[Opening Exercise materials section]

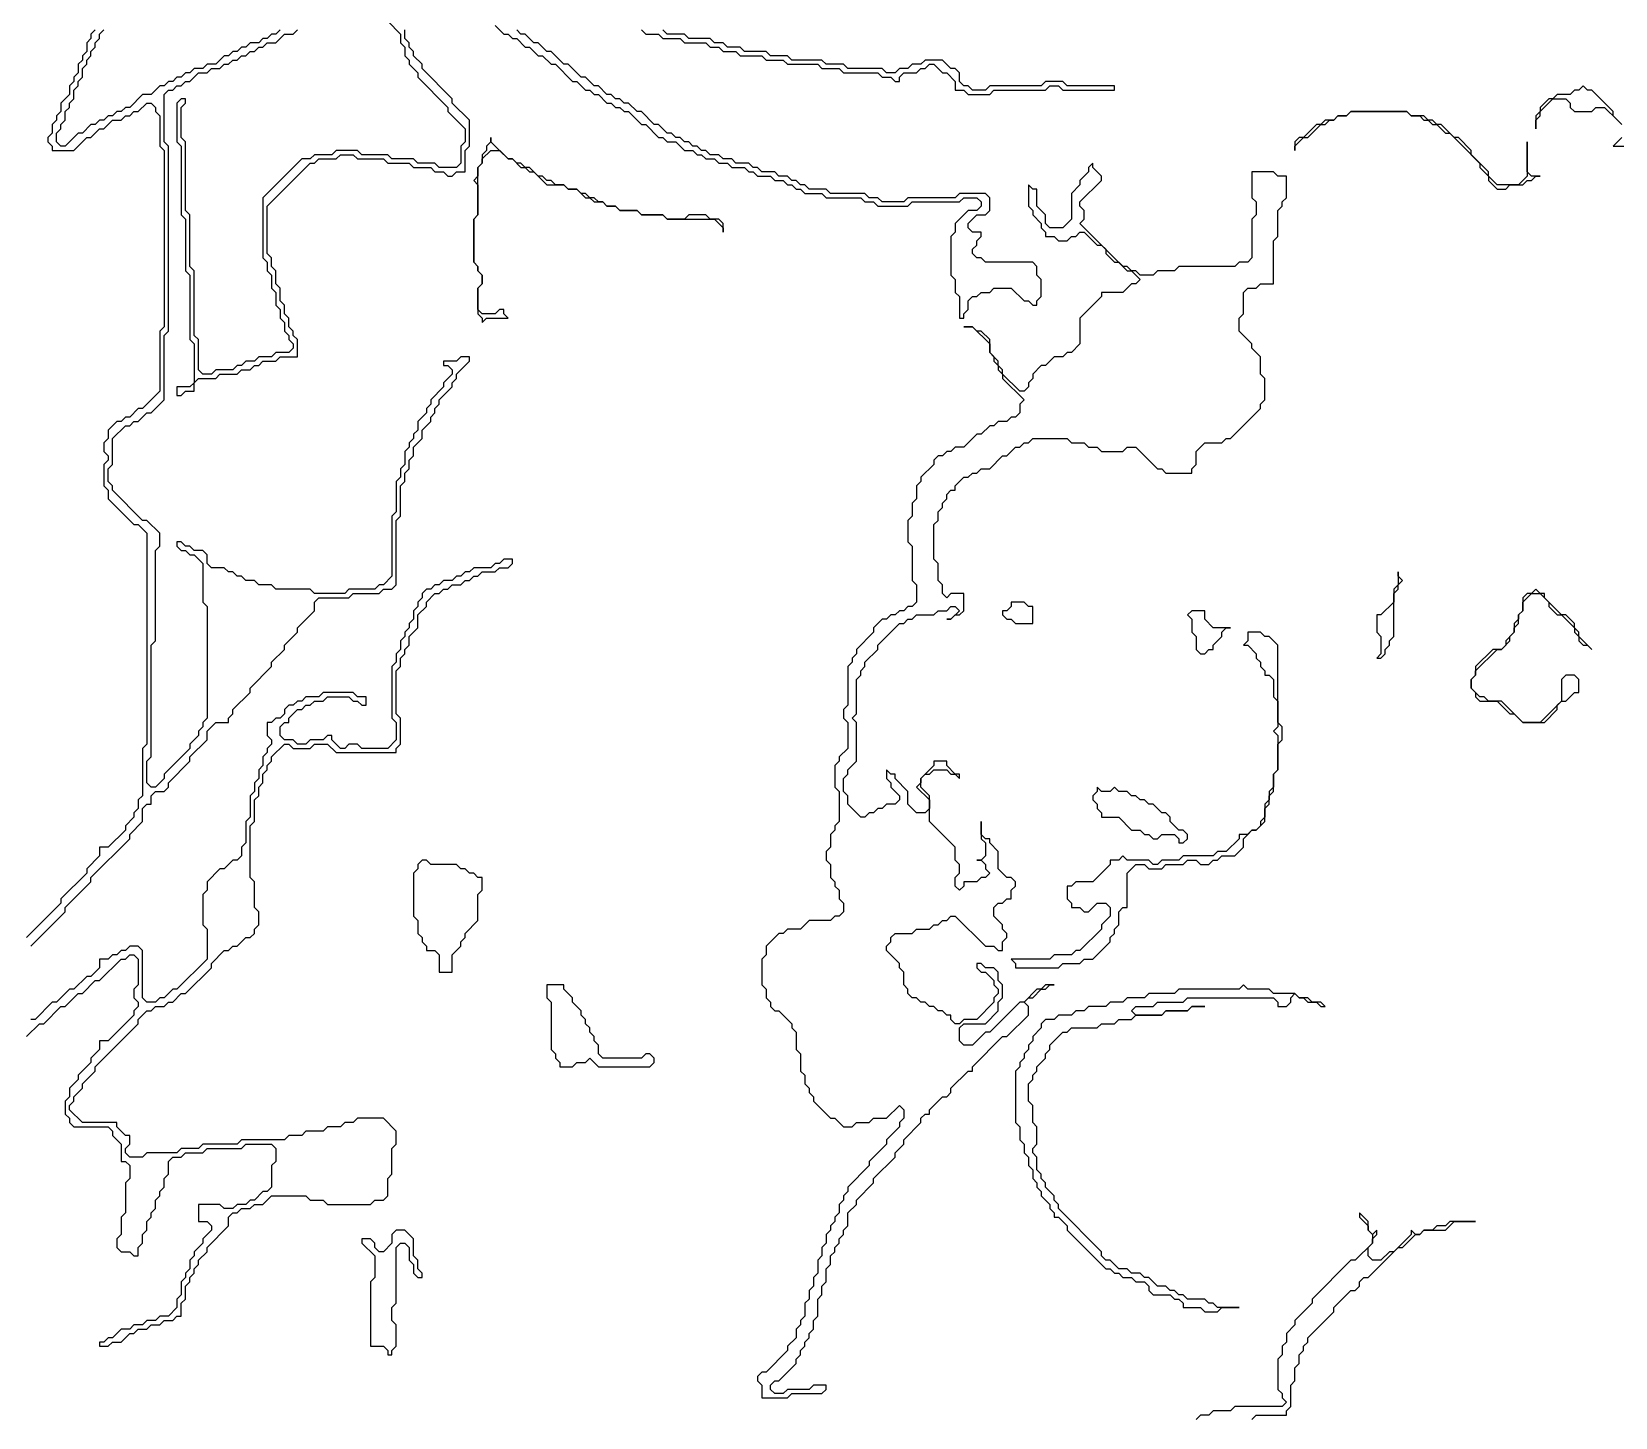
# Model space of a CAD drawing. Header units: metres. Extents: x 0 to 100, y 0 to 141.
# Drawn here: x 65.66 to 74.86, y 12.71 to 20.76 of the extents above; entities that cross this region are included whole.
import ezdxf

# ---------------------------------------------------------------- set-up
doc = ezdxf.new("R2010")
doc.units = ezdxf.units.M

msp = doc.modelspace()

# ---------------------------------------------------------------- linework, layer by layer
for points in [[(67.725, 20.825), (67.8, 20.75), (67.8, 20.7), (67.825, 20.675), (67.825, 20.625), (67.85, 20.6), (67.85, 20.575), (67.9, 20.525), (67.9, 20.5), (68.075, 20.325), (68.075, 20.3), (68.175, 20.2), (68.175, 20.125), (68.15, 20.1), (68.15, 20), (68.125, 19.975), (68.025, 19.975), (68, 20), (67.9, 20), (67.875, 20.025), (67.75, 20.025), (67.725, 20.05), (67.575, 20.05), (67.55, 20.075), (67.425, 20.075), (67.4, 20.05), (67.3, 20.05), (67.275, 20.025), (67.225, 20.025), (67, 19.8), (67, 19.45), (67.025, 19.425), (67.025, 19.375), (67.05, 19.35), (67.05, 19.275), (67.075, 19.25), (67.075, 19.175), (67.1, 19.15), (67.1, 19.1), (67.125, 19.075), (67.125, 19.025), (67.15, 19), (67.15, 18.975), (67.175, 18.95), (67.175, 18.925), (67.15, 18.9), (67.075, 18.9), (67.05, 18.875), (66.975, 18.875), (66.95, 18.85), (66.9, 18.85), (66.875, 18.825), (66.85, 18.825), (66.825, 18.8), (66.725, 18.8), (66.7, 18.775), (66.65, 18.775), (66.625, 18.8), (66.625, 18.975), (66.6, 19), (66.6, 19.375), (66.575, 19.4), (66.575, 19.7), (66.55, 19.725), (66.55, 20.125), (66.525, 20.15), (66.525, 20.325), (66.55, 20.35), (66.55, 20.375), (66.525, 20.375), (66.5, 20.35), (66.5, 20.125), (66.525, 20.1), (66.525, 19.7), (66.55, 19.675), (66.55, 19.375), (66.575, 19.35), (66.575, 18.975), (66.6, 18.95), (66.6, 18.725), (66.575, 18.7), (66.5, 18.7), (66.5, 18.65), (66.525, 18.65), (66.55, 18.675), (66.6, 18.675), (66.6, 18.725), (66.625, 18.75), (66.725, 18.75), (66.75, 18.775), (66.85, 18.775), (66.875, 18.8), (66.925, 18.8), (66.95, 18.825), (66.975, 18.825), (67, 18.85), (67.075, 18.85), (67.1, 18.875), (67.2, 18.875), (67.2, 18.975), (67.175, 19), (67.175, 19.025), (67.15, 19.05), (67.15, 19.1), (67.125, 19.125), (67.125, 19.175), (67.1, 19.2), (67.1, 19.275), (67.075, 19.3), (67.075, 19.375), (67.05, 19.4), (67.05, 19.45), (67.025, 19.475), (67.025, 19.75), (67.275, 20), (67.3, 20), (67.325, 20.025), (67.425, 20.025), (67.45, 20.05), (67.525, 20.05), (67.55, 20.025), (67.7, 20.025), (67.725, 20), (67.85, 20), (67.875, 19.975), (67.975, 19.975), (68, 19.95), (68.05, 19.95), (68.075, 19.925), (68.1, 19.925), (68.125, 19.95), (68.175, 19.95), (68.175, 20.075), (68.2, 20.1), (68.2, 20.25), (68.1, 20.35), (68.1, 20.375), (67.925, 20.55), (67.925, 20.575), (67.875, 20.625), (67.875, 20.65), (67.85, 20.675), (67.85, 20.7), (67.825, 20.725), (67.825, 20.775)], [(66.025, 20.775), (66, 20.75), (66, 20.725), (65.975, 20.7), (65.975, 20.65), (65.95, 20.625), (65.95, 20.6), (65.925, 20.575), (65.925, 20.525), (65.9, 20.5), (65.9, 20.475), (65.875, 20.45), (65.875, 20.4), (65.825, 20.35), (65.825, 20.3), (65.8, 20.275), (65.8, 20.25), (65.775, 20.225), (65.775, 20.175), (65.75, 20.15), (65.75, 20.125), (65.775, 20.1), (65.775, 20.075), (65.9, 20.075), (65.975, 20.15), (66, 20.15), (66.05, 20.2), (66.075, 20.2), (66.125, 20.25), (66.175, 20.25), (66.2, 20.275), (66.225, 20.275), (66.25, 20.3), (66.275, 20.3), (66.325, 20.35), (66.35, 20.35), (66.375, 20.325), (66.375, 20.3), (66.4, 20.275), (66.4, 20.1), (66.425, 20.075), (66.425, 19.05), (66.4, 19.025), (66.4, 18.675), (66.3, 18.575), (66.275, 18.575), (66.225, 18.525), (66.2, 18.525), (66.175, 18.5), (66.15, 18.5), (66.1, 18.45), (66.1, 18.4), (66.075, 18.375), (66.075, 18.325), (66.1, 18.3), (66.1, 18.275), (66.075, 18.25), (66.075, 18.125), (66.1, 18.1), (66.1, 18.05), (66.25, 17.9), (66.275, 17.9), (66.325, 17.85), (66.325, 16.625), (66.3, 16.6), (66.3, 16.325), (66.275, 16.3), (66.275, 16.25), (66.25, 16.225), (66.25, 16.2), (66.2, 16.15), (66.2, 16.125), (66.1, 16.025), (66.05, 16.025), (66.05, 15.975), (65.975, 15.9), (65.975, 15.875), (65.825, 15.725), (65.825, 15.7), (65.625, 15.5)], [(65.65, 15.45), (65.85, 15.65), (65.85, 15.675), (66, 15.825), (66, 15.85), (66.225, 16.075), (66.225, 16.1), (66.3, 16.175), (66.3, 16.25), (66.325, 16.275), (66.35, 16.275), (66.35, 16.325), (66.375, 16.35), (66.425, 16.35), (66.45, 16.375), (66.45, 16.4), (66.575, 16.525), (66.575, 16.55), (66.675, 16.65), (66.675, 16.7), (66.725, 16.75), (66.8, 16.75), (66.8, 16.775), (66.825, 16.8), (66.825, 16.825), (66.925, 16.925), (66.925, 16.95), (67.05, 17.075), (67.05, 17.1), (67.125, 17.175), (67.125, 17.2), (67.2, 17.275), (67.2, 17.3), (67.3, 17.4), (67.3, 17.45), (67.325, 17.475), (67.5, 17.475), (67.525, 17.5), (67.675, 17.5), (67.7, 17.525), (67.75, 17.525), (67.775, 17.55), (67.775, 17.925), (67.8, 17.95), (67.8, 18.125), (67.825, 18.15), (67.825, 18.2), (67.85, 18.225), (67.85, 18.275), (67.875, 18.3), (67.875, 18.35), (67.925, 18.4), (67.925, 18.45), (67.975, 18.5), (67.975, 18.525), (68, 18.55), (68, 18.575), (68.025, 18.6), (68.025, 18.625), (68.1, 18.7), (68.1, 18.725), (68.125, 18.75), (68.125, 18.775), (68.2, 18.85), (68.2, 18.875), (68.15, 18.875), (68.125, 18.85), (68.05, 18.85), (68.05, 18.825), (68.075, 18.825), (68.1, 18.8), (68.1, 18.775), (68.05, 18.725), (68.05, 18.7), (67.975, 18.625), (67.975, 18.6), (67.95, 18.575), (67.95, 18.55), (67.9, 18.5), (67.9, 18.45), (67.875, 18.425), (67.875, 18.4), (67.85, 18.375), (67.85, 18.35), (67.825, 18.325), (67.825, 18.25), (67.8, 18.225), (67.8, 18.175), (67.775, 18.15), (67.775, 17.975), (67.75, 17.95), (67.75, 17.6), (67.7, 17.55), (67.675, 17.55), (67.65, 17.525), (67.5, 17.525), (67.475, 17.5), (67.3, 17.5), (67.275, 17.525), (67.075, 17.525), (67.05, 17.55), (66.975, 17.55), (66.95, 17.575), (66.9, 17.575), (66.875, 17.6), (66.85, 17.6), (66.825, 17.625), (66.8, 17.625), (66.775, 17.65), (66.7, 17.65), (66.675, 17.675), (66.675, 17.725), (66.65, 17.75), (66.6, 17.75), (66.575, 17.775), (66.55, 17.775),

[Closing Exercise materials section]

### Work task
Determine which lines above include the word "units", and report those lines in full.

### Exercise answer
# Model space of a CAD drawing. Header units: metres. Extents: x 0 to 100, y 0 to 141.
doc.units = ezdxf.units.M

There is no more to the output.